El hecho ocurrió hace unos años y ahora, después de un lustro de proceso penal estoy en libertad y al no existir autoridad competente para juzgarme he quedado sin proceso. 

Cuando me entregué a la policía expliqué con detalles de cómo terminé con la esmirriada vida del abogado. Perplejo el hombre tuvo que encerrarme, aunque con el pasar del los días comenzó a sentir simpatía por mí y hasta reconoció que mis argumentos defensivos serían válidos. ¿Con que ley van a juzgarme? pregunté al fiscal de turno. Y luego ¿qué título universitario lo avala para cubrir el cargo de fiscal?. Al contestarme que la ley era el Código Penal y el Código Procesal Penal y que su título era de abogado, inmediatamente impugné la legalidad de la ley y la competencia del fiscal, al comprenderle las generales de la ley. Yo maté al abogado por ser abogado, no por otra cuestión, por lo tanto no podría acusarme otro abogado y mucho menos ser juzgado por un ley elaborada en el Congreso, lugar infectado de abogados.

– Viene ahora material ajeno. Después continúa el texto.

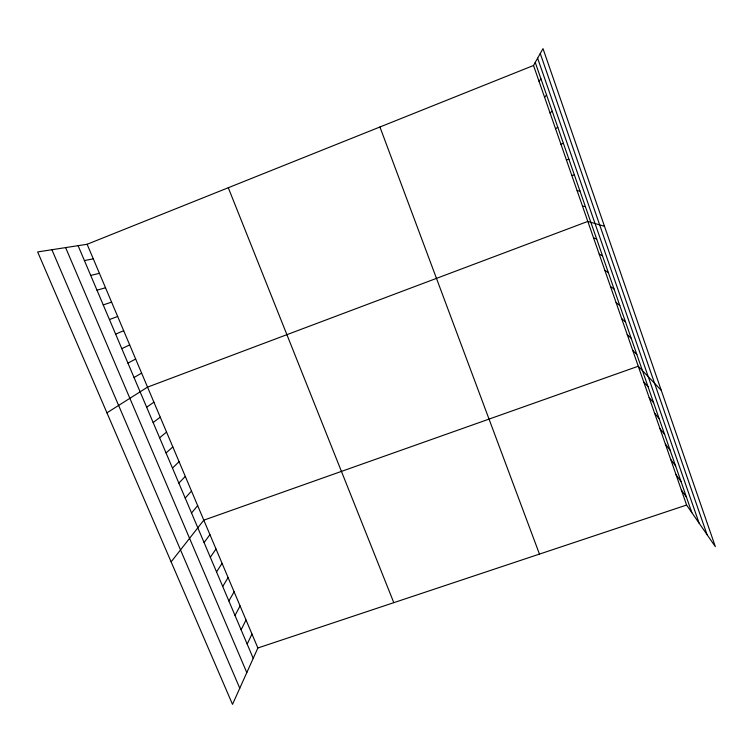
<?xml version="1.0" encoding="UTF-8"?>
<svg xmlns="http://www.w3.org/2000/svg" width="753" height="753" viewBox="0 0 753 753"><rect width="100%" height="100%" fill="white"/><g stroke="black" fill="none" stroke-linecap="round" stroke-linejoin="round"><path stroke-width="1.13" d="M87.122 244.273L257.874 647.985L232.508 704.366L37.65 251.935L87.122 244.273L533.519 65.483L543.007 48.634L715.35 546.669L686.595 505.037L533.519 65.483M247.172 644.097L251.973 634.035M241.101 629.781L246.043 620.02M235.002 615.408L240.094 605.939M228.874 600.969L234.108 591.802M222.719 586.474L228.103 577.598M216.544 571.904L222.069 563.338M210.332 557.267L216.007 549.003M539.063 81.399L540.918 78.754M204.091 542.574L209.927 534.621M171.138 561.87L203.809 520.163L638.252 366.231L661.256 390.336M191.535 512.972L197.672 505.64M544.579 97.241L546.565 95M185.21 498.072L191.507 491.06M178.856 483.097L185.304 476.414M172.475 468.065L179.082 461.702M166.065 452.958L172.832 446.915M550.067 113.006L552.194 111.171M159.627 437.775L166.554 432.071M153.151 422.527L160.248 417.162M146.656 407.213L153.913 402.177M555.535 128.697L557.794 127.266M106.945 412.832L147.541 387.127L587.82 221.41L604.49 226.305M134.043 377.498L141.62 373.111M127.935 363.097L135.662 359.04M121.798 348.648L129.685 344.902M560.976 144.322L563.366 143.286M115.633 334.125L123.68 330.718M109.449 319.545L117.656 316.458M257.874 647.985L686.595 505.037M103.236 304.899L111.604 302.141M96.986 290.187L105.524 287.768M566.397 159.881L568.91 159.231M90.718 275.419L99.415 273.33M84.421 260.576L93.287 258.834M571.791 175.364L574.435 175.11M577.156 190.782L579.932 190.914M582.502 206.124L585.401 206.642M593.533 237.807L596.696 239.096M599.219 254.128L602.513 255.822M604.875 270.374L608.302 272.464M610.504 286.535L614.053 289.02M616.105 302.631L619.785 305.502M621.677 318.641L625.489 321.898M627.23 334.577L631.165 338.21M632.755 350.437L636.822 354.456M643.721 381.94L648.032 386.694M649.171 397.584L653.604 402.704M654.592 413.143L659.139 418.63M659.986 428.636L664.654 434.49M665.36 444.063L670.142 450.266M670.707 459.415L675.61 465.966M676.025 474.691L681.041 481.6M681.324 489.902L686.454 497.149M51.901 249.732L239.774 688.214M65.624 247.605L246.805 672.598M78.096 245.676L253.215 658.338M228.291 187.732L393.8 602.664M379.936 127.003L539.459 554.095M540.259 53.519L707.067 534.677M537.623 58.197L699.095 523.128M535.242 62.433L691.838 512.633"/></g></svg>

                Al Juez le expliqué que al asesinar al abogado quería demostrarle al mundo que era posible. Que si bien todos los países y los organismos internacionales están formados por abogados, al igual que las leyes y hasta las normas de conducta, se podía asesinar a uno, por qué al fin y al cabo también mueren, salvo honrosas excepciones. Descalificado el proceso, la ley , el Juez y los Camaristas, un auxiliar de cuarta del Juzgado se hizo cargo de la causa, el tipo no era abogado, y propuso designar a un tribunal civil y popular sin abogados y realizar un proceso sui géneris. Así se hizo, pero cuando solicité un defensor nadie quiso hacerse cargo. Solamente conseguí que me defendiera un buen abogado penalista, que bajo irrefutables ardides sacó ventaja sobre el improvisado tribunal. Quedé libre por poca plata.

                La semana pasada un electricista, miembro del tribunal que me juzgara asesinó al abogado que me defendió. Mientras tanto he formado un grupo de estudio para analizar la posibilidad de continuar con este tipo de mecanismos. Nos hemos propuesto, además de asesinar abogados, mutilar odontólogos, desterrar agentes inmobiliarios, desacreditar vendedores de autos (aunque estos se desacreditan solos), hemos enviado a la Cámara de Diputados un proyecto de ley para crear un impuesto especial para los Contadores Públicos Nacionales que puedan entender aquellos que no son contadores. Otras actividades del grupo nos llevaron a obligar a los cocineros de restaurantes a comerse su comida, a los agentes de turismo a viajar en sus propios ómnibus. Pero una de las tareas más fáciles fue controlar a los inspectores municipales y denunciarlos por transgresiones de tránsito.

Anoche me enteré que Walter Poli , un flamante miembro del grupo, decidió cambiar el tipo de inodoro que instalaría en su próxima casa. Previamente asesinó, por su cuenta, a un arquitecto.